Selon certains psychiatres le Zyprexa® devrait continuer à être utilisé
malgré ses effets nocifs car il est plus efficace que ses concurrents chez
les patients gravement atteints, alors que pour d'autres confrères, le
produit n'est pas plus efficace que les médicaments courants. Il serait
intéressant de connaître les liens entre certains psychiatres et le
laboratoire. En 2003, après avoir passé en revue les travaux interne de la
firme, le FDA a déclaré que ces effets secondaires n'étaient pas spécifiques
du Zyprexa®, et qu'on n'avait pas de preuve que ce médicament était
responsable du diabète. Eli Lilly a également été accusé d'avoir
illégalement étendu l'usage du médicament depuis l'automne 2000. En effet,
une campagne bien organisée, baptisée « Viva Zyprexa », intimait aux
représentants médicaux d'influencer les médecins pour prescrire le Zyprexa®
aux patients âgés ayant des symptômes de démence. Il fallait bien rattraper
le manque à gagner ! Or la Food and Drug Administration n'a jamais autorisé
le Zyprexa® dans les cas de démence et a même averti les médecins « qu'il
accroît le risque de décès chez les patients » en question. Le 5 janvier
2007, Eli Lilly a accepté de payer plus de 500 millions pour arrêter 18 000
procès en cours, sans compter les indemnités déjà octroyées à des dizaines
de milliers de victimes, mais cet arrangement ne met pas fin aux poursuites
des avocats et procureurs fédéraux. Parmi les autres effets secondaires, on
trouve des cas de vertige, somnolence, dyspepsie, constipation, asthénie,
tremblement, hypotension posturale et même des cas, rares tout de même, de
priapisme et de leucopénie. D'après la compagnie, 1 200 procès sont encore
en attente. Tarra Ryker, porte-parole de Eli Lilly a signalé que ces
affaires n'ont pas encore été réglées pour « diverses raisons ». Les actions
de Eli Lilly qui étaient tombées après l'annonce de ces règlements sont
remontées très rapidement à 52,36 dollars.

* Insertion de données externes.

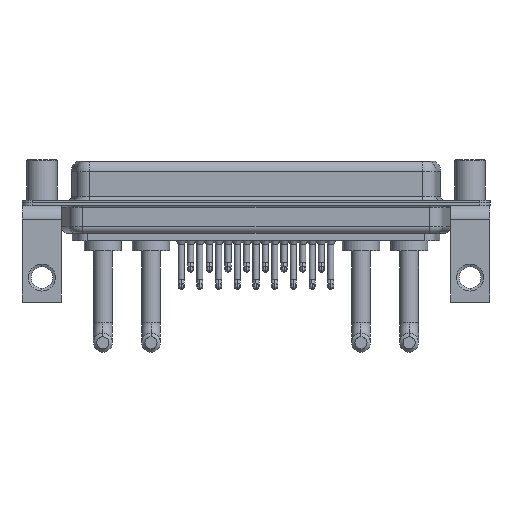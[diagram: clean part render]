
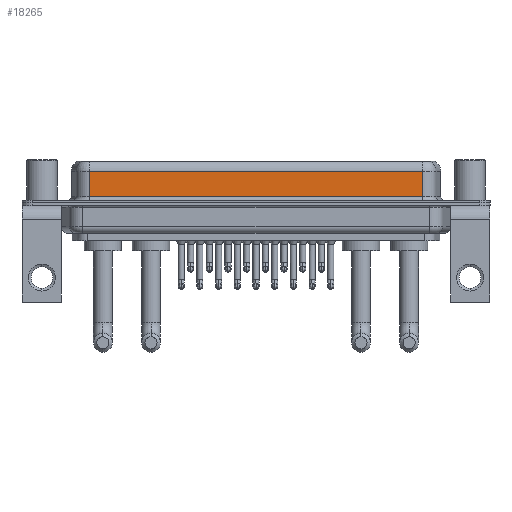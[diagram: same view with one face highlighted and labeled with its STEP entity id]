
A CAD part, front view. The second image highlights one B-rep face of the part: STEP entity #18265.
In plain terms, the highlighted planar face has unit normal (0, -1, 0).
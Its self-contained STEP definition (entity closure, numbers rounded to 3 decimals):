
#540 = VECTOR ( 'NONE', #15277, 1000. ) ;
#2119 = EDGE_LOOP ( 'NONE', ( #23455, #6418, #21085, #22426 ) ) ;
#3664 = AXIS2_PLACEMENT_3D ( 'NONE', #14513, #5076, #12653 ) ;
#4736 = DIRECTION ( 'NONE',  ( -1., 0., 0. ) ) ;
#5076 = DIRECTION ( 'NONE',  ( 0., 1., 0. ) ) ;
#5312 = CARTESIAN_POINT ( 'NONE',  ( 56.462, -3.95, 0.9 ) ) ;
#5611 = CARTESIAN_POINT ( 'NONE',  ( 56.462, -3.95, 6.4 ) ) ;
#6130 = LINE ( 'NONE', #19630, #22427 ) ;
#6417 = EDGE_CURVE ( 'NONE', #24205, #14981, #13853, .T. ) ;
#6418 = ORIENTED_EDGE ( 'NONE', *, *, #17570, .T. ) ;
#7288 = VERTEX_POINT ( 'NONE', #24466 ) ;
#8151 = CARTESIAN_POINT ( 'NONE',  ( 7.038, -3.95, 6.4 ) ) ;
#8830 = PLANE ( 'NONE',  #3664 ) ;
#9139 = CARTESIAN_POINT ( 'NONE',  ( 56.462, -3.95, 4.65 ) ) ;
#9355 = LINE ( 'NONE', #5611, #540 ) ;
#10412 = CARTESIAN_POINT ( 'NONE',  ( 7.038, -3.95, 0.9 ) ) ;
#10696 = FACE_OUTER_BOUND ( 'NONE', #2119, .T. ) ;
#11996 = DIRECTION ( 'NONE',  ( 1., 0., 0. ) ) ;
#12653 = DIRECTION ( 'NONE',  ( 0., 0., 1. ) ) ;
#13569 = EDGE_CURVE ( 'NONE', #17259, #14981, #9355, .T. ) ;
#13853 = LINE ( 'NONE', #23278, #16533 ) ;
#14073 = LINE ( 'NONE', #8151, #21169 ) ;
#14354 = EDGE_CURVE ( 'NONE', #7288, #24205, #14073, .T. ) ;
#14513 = CARTESIAN_POINT ( 'NONE',  ( 56.462, -3.95, 6.4 ) ) ;
#14981 = VERTEX_POINT ( 'NONE', #5312 ) ;
#15277 = DIRECTION ( 'NONE',  ( 0., 0., -1. ) ) ;
#16533 = VECTOR ( 'NONE', #11996, 1000. ) ;
#17259 = VERTEX_POINT ( 'NONE', #9139 ) ;
#17570 = EDGE_CURVE ( 'NONE', #17259, #7288, #6130, .T. ) ;
#18265 = ADVANCED_FACE ( 'NONE', ( #10696 ), #8830, .F. ) ;
#19630 = CARTESIAN_POINT ( 'NONE',  ( 56.462, -3.95, 4.65 ) ) ;
#21085 = ORIENTED_EDGE ( 'NONE', *, *, #14354, .T. ) ;
#21169 = VECTOR ( 'NONE', #21394, 1000. ) ;
#21394 = DIRECTION ( 'NONE',  ( 0., 0., -1. ) ) ;
#22426 = ORIENTED_EDGE ( 'NONE', *, *, #6417, .T. ) ;
#22427 = VECTOR ( 'NONE', #4736, 1000. ) ;
#23278 = CARTESIAN_POINT ( 'NONE',  ( 56.462, -3.95, 0.9 ) ) ;
#23455 = ORIENTED_EDGE ( 'NONE', *, *, #13569, .F. ) ;
#24205 = VERTEX_POINT ( 'NONE', #10412 ) ;
#24466 = CARTESIAN_POINT ( 'NONE',  ( 7.038, -3.95, 4.65 ) ) ;

Dominique Amory, qui dirige la filiale française, affirme avec superbe que
« jamais Eli Lilly ne s'est engagé dans une promotion hors autorisation ».
Doit-on en déduire que ce laboratoire est au-dessus de tout soupçon ?
Sûrement pas lorsqu'on connaît le nombre d'experts de la FDA qui ont de très
importants intérêts financiers dans la compagnie, les milliers de procès qui
lui sont intentés par les victimes du Prozac®, médicament fabriqué par ce
laboratoire, et la protection dont il jouit grâce à la famille Bush qui
entretient des liens étroits avec lui. En mars 2007, lorsque j'avais publié
dans le journal Votre Santé un article intitulé « Le Zyprexa® sera-t-il mis
en examen ? », ce dernier m'avait valu une réponse personnelle de Dominique
Amory, qui dirige la filiale française du laboratoire Eli Lilly. Pour lui,
la première valeur de Eli Lilly est « le respect des autres ». Dans sa
lettre adressée à Votre Santé, il répondait à mes accusations en affirmant
que son groupe avait toujours respecté les règles de transparence vis-à-vis
du monde médical, et il me reprochait mon « récit biaisé des faits » et les
suspicions dont je faisais état, qui « pouvaient susciter la crainte des
patients voire conduire certains d'entre eux à interrompre voire à
abandonner leur traitement avec tous les risques pourtant bien établis que
cela implique. » En fin de lettre, il disait espérer que je tiendrais compte
de ces éléments à l'occasion d'une prochaine analyse.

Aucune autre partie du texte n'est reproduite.